The two-way defence mechanisms of bacteria and phages, viruses of the bacteria, can offer a solution to antibiotic resistance problems.
Hedvig Tamman, Associate Professor of Genetics at the Institute of Molecular and Cell Biology, University of Tartu, has received the Starting Grant from the European Research Council (ERC) to study the microbial arms race.
Antibiotic resistance is a growing problem in the treatment of infectious diseases caused by bacteria. Bacteria-attacking viruses can offer new solutions, for example, for developing antibiotics and their additives. The prospect of using phages in the fight against pathogenic bacteria has long been recognised, but their very high specificity and unpredictable reproduction have limited their wider use in medicine.
Bridging gaps
Tamman’s study bridges several gaps in the research on bacteria, phages and their interaction.
“As bacteria and phages have co-evolved since the beginning of time, there is a kind of arms race between them – phages develop a mechanism to overcome all the bacterial defence systems,” said Tamman.

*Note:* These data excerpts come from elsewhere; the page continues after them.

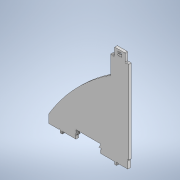
# Autodesk Inventor part: Support D - V2
Saved by Autodesk Inventor 2020 (Build 240168000, 168)
## iProperties
Created: 2020-07-22
Part Number: Support D - V2
Material: Generic
Document SubType Name: Modeling
Designer: Dan Wikman
Density: 1 g/cm^3
Appearance: Default
Author: Dan Wikman
Autodesk Inventor part; units mm, degrees
ref_plane "YZ Plane" through (0, 0, 0) normal (1, 0, 0) x (0, 1, 0)
ref_plane "XZ Plane" through (0, 0, 0) normal (0, 1, 0) x (-1, 0, 0)
ref_plane "XY Plane" through (0, 0, 0) normal (0, 0, 1) x (1, 0, 0)
sketch "Sketch1" plane through (0, 0, 0) normal (0, 0, 1) x (1, 0, 0)
  line L0 (-150, -512.3475) -> (-150, -323.3356) construction
  line L1 (-472.3938, -281.6809) -> (-252.3938, -281.6809) construction
  line L2 (-489.0365, 251.6809) -> (-252.3938, 251.6809) construction
  line L3 (-472.3938, 281.6809) -> (-252.3938, 281.6809) construction
  line L4 (-472.3938, -251.6809) -> (-252.3938, -251.6809) construction
  line L5 (-356.435, 15) -> (-576.435, 15) construction
  line L6 (-472.3938, -281.6809) -> (-472.3938, -251.6809) construction
  line L7 (-252.3938, -281.6809) -> (-252.3938, -251.6809) construction
  line L8 (-252.3938, 278.1809) -> (-252.3938, 251.6809) construction
  line L9 (-472.3938, 281.6809) -> (-472.3938, 251.6809) construction
  line L10 (-356.435, 15) -> (-356.435, -15) construction
  line L11 (-356.435, -15) -> (-576.435, -15) construction
  line L12 (-576.435, -15) -> (-576.435, 15) construction
  arc A0 (-150, -323.3356) -> (0, -356.435) centre (0, 0) ccw construction
  arc A1 (-156.5, -512.3475) -> (-160, -512.3475) centre (-158.25, -512.3475) ccw construction
  arc A2 (-190, -512.3475) -> (-193.5, -512.3475) centre (-191.75, -512.3475) ccw construction
  line L13 (-178.75, -519.0975) -> (-175, -519.0975) construction
  line L14 (-178.75, -529.0975) -> (-175, -529.0975) construction
  line L15 (-175, -519.0975) -> (-175, -529.0975) construction
  arc A3 (-178.75, -519.0975) -> (-178.75, -522.5975) centre (-178.75, -520.8475) ccw construction
  arc A4 (-178.75, -525.5975) -> (-178.75, -529.0975) centre (-178.75, -527.3475) ccw construction
  line L16 (-171.25, -519.0975) -> (-175, -519.0975) construction
  line L17 (-171.25, -529.0975) -> (-175, -529.0975) construction
  arc A5 (-171.25, -522.5975) -> (-171.25, -519.0975) centre (-171.25, -520.8475) ccw construction
  arc A6 (-171.25, -529.0975) -> (-171.25, -525.5975) centre (-171.25, -527.3475) ccw construction
  line L18 (-252.3938, 251.6809) -> (-489.0365, 251.6809) construction
  arc A7 (-334.9122, -265.623) -> (-335.582, -268.123) centre (-330.582, -268.123) ccw construction
  line L19 (-328.3782, -254.3059) -> (-334.9122, -265.623) construction
  arc A8 (-328.3782, -254.3059) -> (-329.8938, -251.6809) centre (-329.8938, -253.4309) ccw construction
  line L20 (-329.8938, -251.6809) -> (-394.8938, -251.6809) construction
  line L21 (-362.3938, -251.6809) -> (-362.3938, -293.6041) construction
  arc A9 (-389.2055, -268.123) -> (-389.8754, -265.623) centre (-394.2055, -268.123) ccw construction
  arc A10 (-394.8938, -251.6809) -> (-396.4093, -254.3059) centre (-394.8938, -253.4309) ccw construction
  line L22 (-396.4093, -254.3059) -> (-389.8754, -265.623) construction
  arc A11 (-389.2055, -291.6809) -> (-389.2055, -288.1809) centre (-389.2055, -289.9309) ccw construction
  line L23 (-389.2055, -291.6809) -> (-396.7055, -291.6809) construction
  line L24 (-396.7055, -281.6809) -> (-472.3938, -281.6809) construction
  line L25 (-328.082, -281.6809) -> (-252.3938, -281.6809) construction
  line L26 (-252.3938, -287.3475) -> (-210.8964, -287.3475) construction
  arc A12 (-210.8964, -287.3475) -> (-150, -323.3356) centre (0, 0) ccw construction
  arc A13 (-472.3938, -281.6809) -> (-246.475, -491.6809) centre (0, 0) ccw construction
  line L27 (-171.25, -436.0915) -> (-171.25, -399.5915) construction
  line L28 (-178.75, -436.0915) -> (-178.75, -399.5915) construction
  line L29 (-177, -437.8415) -> (-173, -437.8415) construction
  line L30 (-177, -397.8415) -> (-173, -397.8415) construction
  arc A14 (-177, -397.8415) -> (-178.75, -399.5915) centre (-177, -399.5915) ccw construction
  arc A15 (-178.75, -436.0915) -> (-177, -437.8415) centre (-177, -436.0915) ccw construction
  arc A16 (-173, -437.8415) -> (-171.25, -436.0915) centre (-173, -436.0915) ccw construction
  arc A17 (-171.25, -399.5915) -> (-173, -397.8415) centre (-173, -399.5915) ccw construction
  line L31 (-200, -512.3475) -> (-200, -491.6809) construction
  arc A18 (-200, -491.6809) -> (-203.5, -491.6809) centre (-201.75, -491.6809) ccw construction
  line L32 (-160, -512.3475) -> (-160, -532.5975) construction
  line L33 (-161.75, -534.3475) -> (-188.25, -534.3475) construction
  line L34 (-190, -532.5975) -> (-190, -512.3475) construction
  line L35 (-171.25, -522.5975) -> (-171.25, -525.5975) construction
  line L36 (-178.75, -522.5975) -> (-178.75, -525.5975) construction
  arc A19 (-190, -532.5975) -> (-188.25, -534.3475) centre (-188.25, -532.5975) ccw construction
  arc A20 (-161.75, -534.3475) -> (-160, -532.5975) centre (-161.75, -532.5975) ccw construction
  line L37 (-156.5, -512.3475) -> (-150, -512.3475) construction
  line L38 (-193.5, -512.3475) -> (-200, -512.3475) construction
  line L39 (-203.5, -491.6809) -> (-246.475, -491.6809) construction
  arc A21 (-396.7055, -288.1809) -> (-396.7055, -291.6809) centre (-396.7055, -289.9309) ccw construction
  line L40 (-396.7055, -281.6809) -> (-396.7055, -288.1809) construction
  line L41 (-389.2055, -288.1809) -> (-389.2055, -268.123) construction
  arc A22 (-335.582, -288.1809) -> (-335.582, -291.6809) centre (-335.582, -289.9309) ccw construction
  line L42 (-335.582, -291.6809) -> (-328.082, -291.6809) construction
  arc A23 (-328.082, -291.6809) -> (-328.082, -288.1809) centre (-328.082, -289.9309) ccw construction
  line L43 (-328.082, -281.6809) -> (-328.082, -288.1809) construction
  line L44 (-335.582, -288.1809) -> (-335.582, -268.123) construction
  arc A24 (-252.3938, -283.8475) -> (-252.3938, -287.3475) centre (-252.3938, -285.5975) ccw construction
  line L45 (-252.3938, -283.8475) -> (-252.3938, -281.6809) construction
  arc A25 (-479.7691, -25) -> (-479.7691, -21.5) centre (-479.7691, -23.25) ccw construction
  arc A26 (-479.7691, -1.4421) -> (-480.4389, 1.0579) centre (-484.7691, -1.4421) ccw construction
  line L46 (-486.9729, 12.375) -> (-480.4389, 1.0579) construction
  arc A27 (-485.4573, 15) -> (-486.9729, 12.375) centre (-485.4573, 13.25) ccw construction
  line L47 (-420.4573, 15) -> (-485.4573, 15) construction
  arc A28 (-425.4757, 1.0579) -> (-426.1456, -1.4421) centre (-421.1456, -1.4421) ccw construction
  arc A29 (-418.9418, 12.375) -> (-420.4573, 15) centre (-420.4573, 13.25) ccw construction
  line L48 (-418.9418, 12.375) -> (-425.4757, 1.0579) construction
  line L49 (-452.9573, 15) -> (-452.9573, -26.9232) construction
  line L50 (-479.7691, -25) -> (-487.2691, -25) construction
  line L51 (-487.2691, -15) -> (-549.7954, -15) construction
  arc A30 (-487.2691, -21.5) -> (-487.2691, -25) centre (-487.2691, -23.25) ccw construction
  line L52 (-487.2691, -15) -> (-487.2691, -21.5) construction
  line L53 (-479.7691, -21.5) -> (-479.7691, -1.4421) construction
  line L54 (-426.1456, -21.5) -> (-426.1456, -1.4421) construction
  arc A31 (-426.1456, -21.5) -> (-426.1456, -25) centre (-426.1456, -23.25) ccw construction
  line L55 (-426.1456, -25) -> (-418.6456, -25) construction
  arc A32 (-418.6456, -25) -> (-418.6456, -21.5) centre (-418.6456, -23.25) ccw construction
  line L56 (-418.6456, -15) -> (-418.6456, -21.5) construction
  line L57 (276.2049, -135.3556) -> (280.6774, -127.609)
  line L58 (279.2083, -124.984) -> (246.5502, -124.984)
  arc A33 (319.0505, -151.484) -> (319.0505, -147.984) centre (319.0505, -149.734) ccw
  arc A34 (328.5505, -147.9841) -> (325.0505, -147.9841) centre (326.8005, -147.9841) ccw
  line L59 (319.0505, -147.984) -> (280.8619, -147.984)
  arc A35 (214.0502, -164.7817) -> (212.5346, -167.4067) centre (214.0502, -166.5317) ccw
  arc A36 (280.5657, -167.4067) -> (279.0502, -164.7817) centre (279.0502, -166.5317) ccw
  arc A37 (274.0318, -178.7238) -> (273.3619, -181.2238) centre (278.3619, -181.2238) ccw
  line L60 (280.5657, -167.4067) -> (274.0318, -178.7238)
  line L61 (273.3619, -201.2817) -> (273.3619, -181.2238)
  arc A38 (273.3619, -201.2817) -> (273.3619, -204.7817) centre (273.3619, -203.0317) ccw
  line L62 (273.3619, -204.7817) -> (280.8619, -204.7817)
  arc A39 (280.8619, -204.7817) -> (280.8619, -201.2817) centre (280.8619, -203.0317) ccw
  line L63 (280.8619, -194.7817) -> (280.8619, -201.2817)
  line L64 (212.2384, -194.7817) -> (212.2384, -201.2817)
  arc A40 (212.2384, -201.2817) -> (212.2384, -204.7817) centre (212.2384, -203.0317) ccw
  arc A41 (219.7384, -204.7817) -> (219.7384, -201.2817) centre (219.7384, -203.0317) ccw
  line L65 (279.0502, -164.7817) -> (214.0502, -164.7817)
  line L66 (219.7384, -201.2817) -> (219.7384, -181.2238)
  line L67 (219.7384, -204.7817) -> (212.2384, -204.7817)
  arc A42 (219.7384, -181.2238) -> (219.0686, -178.7238) centre (214.7384, -181.2238) ccw
  line L68 (212.5346, -167.4067) -> (219.0686, -178.7238)
  line L69 (212.2384, -194.7817) -> (136.5502, -194.7817)
  line L70 (280.8619, -194.7817) -> (356.5502, -194.7817)
  line L71 (325.0505, -147.9841) -> (325.0505, -154.9841)
  line L72 (325.0505, -154.9841) -> (319.0505, -154.9841)
  line L73 (319.0505, -151.484) -> (319.0505, -154.9841)
  line L74 (246.5502, -124.984) -> (246.5502, -110.6064)
  arc A43 (280.6774, -127.609) -> (279.2083, -124.984) centre (279.1622, -126.7334) ccw
  arc A44 (280.8619, -138.8556) -> (280.8619, -135.3556) centre (280.8619, -137.1056) ccw
  line L75 (276.2049, -135.3556) -> (280.8619, -135.3556)
  line L76 (246.5502, -164.7817) -> (246.5502, -170.2759)
  line L77 (280.8619, -147.984) -> (280.8619, -138.8556)
  arc A45 (168.0499, -147.9841) -> (164.5499, -147.9841) centre (166.2999, -147.9841) ccw
  arc A46 (174.0499, -147.984) -> (174.0499, -151.484) centre (174.0499, -149.734) ccw
  line L78 (213.8921, -124.984) -> (246.5502, -124.984)
  line L79 (174.0499, -147.984) -> (212.2384, -147.984)
  line L80 (216.8955, -135.3556) -> (212.423, -127.609)
  line L81 (168.0499, -147.9841) -> (168.0499, -154.9841)
  line L82 (168.0499, -154.9841) -> (174.0499, -154.9841)
  line L83 (174.0499, -151.484) -> (174.0499, -154.9841)
  arc A47 (213.8921, -124.984) -> (212.423, -127.609) centre (213.9382, -126.7334) ccw
  arc A48 (212.2384, -135.3556) -> (212.2384, -138.8556) centre (212.2384, -137.1056) ccw
  line L84 (216.8955, -135.3556) -> (212.2384, -135.3556)
  line L85 (212.2384, -147.984) -> (212.2384, -138.8556)
  arc A49 (-280.3963, -274.7808) -> (-283.8935, -274.681) centre (-282.1435, -274.681) ccw construction
  arc A50 (-289.8935, -278.1809) -> (-289.8935, -274.6809) centre (-289.8935, -276.4309) ccw construction
  line L86 (-329.7357, -251.6809) -> (-362.3938, -251.6809) construction
  line L87 (-289.8935, -274.6809) -> (-328.082, -274.6809) construction
  line L88 (-332.7391, -262.0525) -> (-328.2666, -254.3059) construction
  line L89 (-283.8935, -274.681) -> (-283.8935, -281.681) construction
  line L90 (-283.8935, -281.681) -> (-289.8935, -281.681) construction
  line L91 (-289.8935, -278.1809) -> (-289.8935, -281.681) construction
  arc A51 (-328.2666, -254.3059) -> (-329.7357, -251.6809) centre (-329.7818, -253.4303) ccw construction
  arc A52 (-328.082, -265.5525) -> (-328.082, -262.0525) centre (-328.082, -263.8025) ccw construction
  line L92 (-332.7391, -262.0525) -> (-328.082, -262.0525) construction
  line L93 (-328.082, -274.6809) -> (-328.082, -265.5525) construction
  line L94 (-392.0485, -262.0525) -> (-396.7055, -262.0525) construction
  arc A53 (-396.7055, -262.0525) -> (-396.7055, -265.5525) centre (-396.7055, -263.8025) ccw construction
  line L95 (-392.0485, -262.0525) -> (-396.521, -254.3059) construction
  arc A54 (-395.0519, -251.6809) -> (-396.521, -254.3059) centre (-395.0058, -253.4303) ccw construction
  line L96 (-396.7055, -274.6809) -> (-396.7055, -265.5525) construction
  line L97 (-434.8941, -278.1809) -> (-434.8941, -281.681) construction
  line L98 (-434.8941, -274.6809) -> (-396.7055, -274.6809) construction
  arc A55 (-434.8941, -274.6809) -> (-434.8941, -278.1809) centre (-434.8941, -276.4309) ccw construction
  line L99 (-440.8941, -281.681) -> (-434.8941, -281.681) construction
  line L100 (-440.8941, -274.681) -> (-440.8941, -281.681) construction
  arc A56 (-440.8941, -274.681) -> (-444.3912, -274.7808) centre (-442.6441, -274.681) ccw construction
  line L101 (-395.0519, -251.6809) -> (-362.3938, -251.6809) construction
  line L102 (-444.3912, -274.7808) -> (-476.4404, -274.7808) construction
  arc A57 (-355.7859, -21.5) -> (-227.0273, -274.7808) centre (0, 0) ccw construction
  arc A58 (-549.7954, -15) -> (-476.4404, -274.7808) centre (0, 0) ccw construction
  line L103 (-280.3963, -274.7808) -> (-227.0273, -274.7808) construction
  line L104 (-364.1192, -15) -> (-364.1192, -18) construction
  arc A59 (-364.1192, -18) -> (-364.1192, -21.5) centre (-364.1192, -19.75) ccw construction
  line L105 (-364.1192, -21.5) -> (-355.7859, -21.5) construction
  line L106 (-356.1192, -15) -> (-356.435, -15) construction
  line L107 (-364.1192, -15) -> (-549.7954, -15) construction
  line L108 (-418.6456, -15) -> (-364.1192, -15) construction
  arc A60 (-370.957, -8.0002) -> (-374.457, -8.0002) centre (-372.707, -8.0002) ccw construction
  arc A61 (-380.457, -11.5) -> (-380.457, -8) centre (-380.457, -9.75) ccw construction
  line L109 (-420.2992, 15) -> (-452.9573, 15) construction
  line L110 (-380.457, -8) -> (-418.6456, -8) construction
  line L111 (-423.3026, 4.6284) -> (-418.8301, 12.375) construction
  line L112 (-374.457, -8.0002) -> (-374.457, -15.0002) construction
  line L113 (-374.457, -15.0002) -> (-380.457, -15.0002) construction
  line L114 (-380.457, -11.5) -> (-380.457, -15.0002) construction
  line L115 (-452.9573, 15) -> (-452.9573, 29.3776) construction
  arc A62 (-418.8301, 12.375) -> (-420.2992, 15) centre (-420.3453, 13.2506) ccw construction
  arc A63 (-418.6456, 1.1284) -> (-418.6456, 4.6284) centre (-418.6456, 2.8784) ccw construction
  line L116 (-423.3026, 4.6284) -> (-418.6456, 4.6284) construction
  line L117 (-418.6456, -8) -> (-418.6456, 1.1284) construction
  line L118 (-482.612, 4.6284) -> (-487.2691, 4.6284) construction
  arc A64 (-487.2691, 4.6284) -> (-487.2691, 1.1284) centre (-487.2691, 2.8784) ccw construction
  line L119 (-482.612, 4.6284) -> (-487.0845, 12.375) construction
  arc A65 (-485.6154, 15) -> (-487.0845, 12.375) centre (-485.5693, 13.2506) ccw construction
  line L120 (-487.2691, -8) -> (-487.2691, 1.1284) construction
  line L121 (-525.4576, -11.5) -> (-525.4576, -15.0002) construction
  line L122 (-525.4576, -8) -> (-487.2691, -8) construction
  arc A66 (-525.4576, -8) -> (-525.4576, -11.5) centre (-525.4576, -9.75) ccw construction
  line L123 (-531.4576, -15.0002) -> (-525.4576, -15.0002) construction
  line L124 (-531.4576, -8.0002) -> (-531.4576, -15.0002) construction
  arc A67 (-531.4576, -8.0002) -> (-534.9576, -8.0002) centre (-533.2076, -8.0002) ccw construction
  line L125 (-485.6154, 15) -> (-452.9573, 15) construction
  line L126 (-370.957, -8.0002) -> (-356.3452, -8.0002) construction
  line L127 (-534.9576, -8.0002) -> (-549.9418, -8.0002) construction
  line L128 (-328.082, 251.6809) -> (-328.082, 245.1809) construction
  arc A68 (-328.082, 241.6809) -> (-328.082, 245.1809) centre (-328.082, 243.4309) ccw construction
  line L129 (-396.7055, 251.6809) -> (-396.7055, 245.1809) construction
  arc A69 (-396.7055, 245.1809) -> (-396.7055, 241.6809) centre (-396.7055, 243.4309) ccw construction
  arc A70 (-389.2055, 241.6809) -> (-389.2055, 245.1809) centre (-389.2055, 243.4309) ccw construction
  line L130 (-389.2055, 245.1809) -> (-389.2055, 265.2388) construction
  line L131 (-389.2055, 241.6809) -> (-396.7055, 241.6809) construction
  arc A71 (-389.2055, 265.2388) -> (-389.8754, 267.7388) centre (-394.2055, 265.2388) ccw construction
  line L132 (-396.4093, 279.0559) -> (-389.8754, 267.7388) construction
  arc A72 (-394.8938, 281.6809) -> (-396.4093, 279.0559) centre (-394.8938, 279.9309) ccw construction
  line L133 (-329.8938, 281.6809) -> (-394.8938, 281.6809) construction
  arc A73 (-334.9122, 267.7388) -> (-335.582, 265.2388) centre (-330.582, 265.2388) ccw construction
  arc A74 (-328.3782, 279.0559) -> (-329.8938, 281.6809) centre (-329.8938, 279.9309) ccw construction
  line L134 (-328.3782, 279.0559) -> (-334.9122, 267.7388) construction
  arc A75 (-335.582, 245.1809) -> (-335.582, 241.6809) centre (-335.582, 243.4309) ccw construction
  line L135 (-335.582, 241.6809) -> (-328.082, 241.6809) construction
  line L136 (-335.582, 245.1809) -> (-335.582, 265.2388) construction
  line L137 (-328.082, 251.6809) -> (-252.3938, 251.6809) construction
  line L138 (-396.7055, 251.6809) -> (-472.3938, 251.6809) construction
  line L139 (-362.3938, 281.6809) -> (-362.3938, 276.1867) construction
  line L140 (-472.3938, 251.6809) -> (-472.3938, 248.6809) construction
  arc A76 (-472.3938, 245.1809) -> (-472.3938, 248.6809) centre (-472.3938, 246.9309) ccw construction
  line L141 (-472.3938, 245.1809) -> (-492.3275, 245.1809) construction
  arc A77 (-492.3275, 245.1809) -> (-549.7954, 15) centre (0, 0) ccw construction
  arc A78 (-252.3938, 251.6809) -> (-356.3452, -8.0002) centre (0, 0) ccw construction
  line L142 (-549.7954, 15) -> (-576.435, 15) construction
  line L143 (-576.435, 15) -> (-576.435, -8.0002) construction
  line L144 (-549.9418, -8.0002) -> (-576.435, -8.0002) construction
  arc A79 (-280.3935, 258.6807) -> (-283.8935, 258.6807) centre (-282.1435, 258.6807) ccw
  arc A80 (-289.8935, 255.1809) -> (-289.8935, 258.6809) centre (-289.8935, 256.9309) ccw
  line L145 (-329.7357, 281.6809) -> (-362.3823, 281.6809)
  line L146 (-289.8935, 258.6809) -> (-328.082, 258.6809)
  line L147 (-332.7391, 271.3093) -> (-328.2666, 279.0559)
  line L148 (-283.8935, 258.6807) -> (-283.8935, 251.6807)
  line L149 (-283.8935, 251.6807) -> (-289.8935, 251.6807)
  line L150 (-289.8935, 255.1809) -> (-289.8935, 251.6807)
  line L151 (-362.3823, 281.6809) -> (-362.3823, 296.0585)
  arc A81 (-328.2666, 279.0559) -> (-329.7357, 281.6809) centre (-329.7818, 279.9315) ccw
  arc A82 (-328.082, 267.8093) -> (-328.082, 271.3093) centre (-328.082, 269.5593) ccw
  line L152 (-332.7391, 271.3093) -> (-328.082, 271.3093)
  line L153 (-328.082, 258.6809) -> (-328.082, 267.8093)
  line L154 (-392.0255, 271.3093) -> (-396.6826, 271.3093)
  arc A83 (-396.6826, 271.3093) -> (-396.6826, 267.8093) centre (-396.6826, 269.5593) ccw
  line L155 (-392.0255, 271.3093) -> (-396.498, 279.0559)
  arc A84 (-395.0289, 281.6809) -> (-396.498, 279.0559) centre (-394.9828, 279.9315) ccw
  line L156 (-396.6826, 258.6809) -> (-396.6826, 267.8093)
  line L157 (-434.8711, 255.1809) -> (-434.8711, 251.6807)
  line L158 (-434.8711, 258.6809) -> (-396.6826, 258.6809)
  arc A85 (-434.8711, 258.6809) -> (-434.8711, 255.1809) centre (-434.8711, 256.9309) ccw
  line L159 (-440.8711, 251.6807) -> (-434.8711, 251.6807)
  line L160 (-440.8711, 258.6807) -> (-440.8711, 251.6807)
  arc A86 (-440.8711, 258.6807) -> (-444.3711, 258.6807) centre (-442.6211, 258.6807) ccw
  line L161 (-395.0289, 281.6809) -> (-362.3823, 281.6809)
  line L162 (-444.3711, 258.6807) -> (-472.3938, 258.6807)
  line L163 (-280.3935, 258.6807) -> (-252.3938, 258.6807)
  line L164 (-252.3938, 258.6807) -> (-252.3938, 278.1809)
  line L165 (-252.3938, 281.6809) -> (-218.4073, 281.6809)
  arc A87 (-252.3938, 281.6809) -> (-252.3938, 278.1809) centre (-252.3938, 279.9309) ccw
  arc A88 (-271.25, 519.0975) -> (-271.25, 522.5975) centre (-271.25, 520.8475) ccw
  line L166 (-271.25, 519.0975) -> (-275, 519.0975)
  arc A89 (-271.25, 525.5975) -> (-271.25, 529.0975) centre (-271.25, 527.3475) ccw
  line L167 (-278.75, 519.0975) -> (-275, 519.0975)
  line L168 (-271.25, 529.0975) -> (-275, 529.0975)
  line L169 (-275, 519.0975) -> (-275, 529.0975)
  line L170 (-278.75, 529.0975) -> (-275, 529.0975)
  line L171 (-275, 534.3475) -> (-275, 537.9358)
  line L172 (-261.3333, 534.3475) -> (-288.6667, 534.3475)
  arc A90 (-260, 512.3475) -> (-256.5, 512.3475) centre (-258.25, 512.3475) ccw
  arc A91 (-293.5, 512.3475) -> (-290, 512.3475) centre (-291.75, 512.3475) ccw
  arc A92 (-278.75, 522.5975) -> (-278.75, 519.0975) centre (-278.75, 520.8475) ccw
  arc A93 (-278.75, 529.0975) -> (-278.75, 525.5975) centre (-278.75, 527.3475) ccw
  arc A94 (-288.6667, 534.3475) -> (-290, 533.0142) centre (-288.2908, 532.6384) ccw
  arc A95 (-260, 533.0142) -> (-261.3333, 534.3475) centre (-261.7092, 532.6384) ccw
  arc A96 (-291.7627, 515.4872) -> (-291.9051, 515.4342) centre (-100, 0) ccw
  line L173 (-250, 512.3475) -> (-250, 281.6809)
  line L174 (-300, 512.3475) -> (-300, 460.9772)
  arc A97 (-300, 460.9772) -> (-472.3938, 281.6809) centre (0, 0) ccw
  line L175 (-219.7787, 527.0975) -> (-219.7787, 529.0975)
  line L176 (-250, 512.3475) -> (-256.5, 512.3475)
  line L177 (-293.5, 512.3475) -> (-300, 512.3475)
  line L178 (-260, 533.0142) -> (-260, 512.3475)
  line L179 (-290, 533.0142) -> (-290, 512.3475)
  line L180 (-278.75, 522.5975) -> (-278.75, 525.5975)
  line L181 (-271.25, 525.5975) -> (-271.25, 522.5975)
  line L182 (-472.3938, 258.6807) -> (-472.3938, 281.6809)
  arc A98 (-485.3702, 258.6809) -> (-485.3703, 258.6807) centre (0, 0) ccw
  line L183 (-247.8856, -513.2316) -> (-248.7643, -288.2333) projected
  line L184 (-251.1802, -282.576) -> (-326.8679, -282.8716) projected
  point P0 (0, -512.3475)
  point P1 (-190, -534.3475)
  point P2 (-160, -534.3475)
  point P3 (-59.9119, -534.1417)
  point P4 (-389.2055, -259.0142)
  point P5 (-479.7691, 7.6667)
  point P6 (328.5476, -148.0839)
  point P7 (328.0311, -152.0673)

On the one hand, the researcher studies how bacteria defend themselves against phages. For example, bacteria have defence mechanisms against phages and other stressors, such as the toxin-antitoxin system in chromosomes and the stringent response – the latter puts the bacterium, when stressed, into a kind of hibernation. This helps it survive the antibiotic attack and supports the development and spread of resistance. On the other hand, Tamman hopes to discover what helps the phages paralyse the bacterial stringent response.
Fighting bacterial diseases
“Although the bacterium Pseudomonas putida that I study is not medically important, it is related to human and plant pathogens. Knowing how phages fight this bacterium gives us ideas that could help us fight bacterial diseases in the future,” Tamman said.
The ERC Starting Grant for early-stage researchers is €1.5 million over five years. The project “Deciphering stringent response proteins and toxin-antitoxin systems in the arms race between bacteria and phages” (abbreviation PhaBacArms) starts at the beginning of 2024 and runs until the end of 2028.
Hedvig Tamman defended her PhD in genetics at the University of Tartu in 2016. Her doctoral thesis denewsalt with the functionality of chromosomal toxin-antitoxin systems of the bacterium Pseudomonas putida. From 2016 to 2021, Tamman was a postdoctoral researcher at the Free University of Brussels, where she worked on determining bacterial stress responses and the structure of proteins involved in these responses.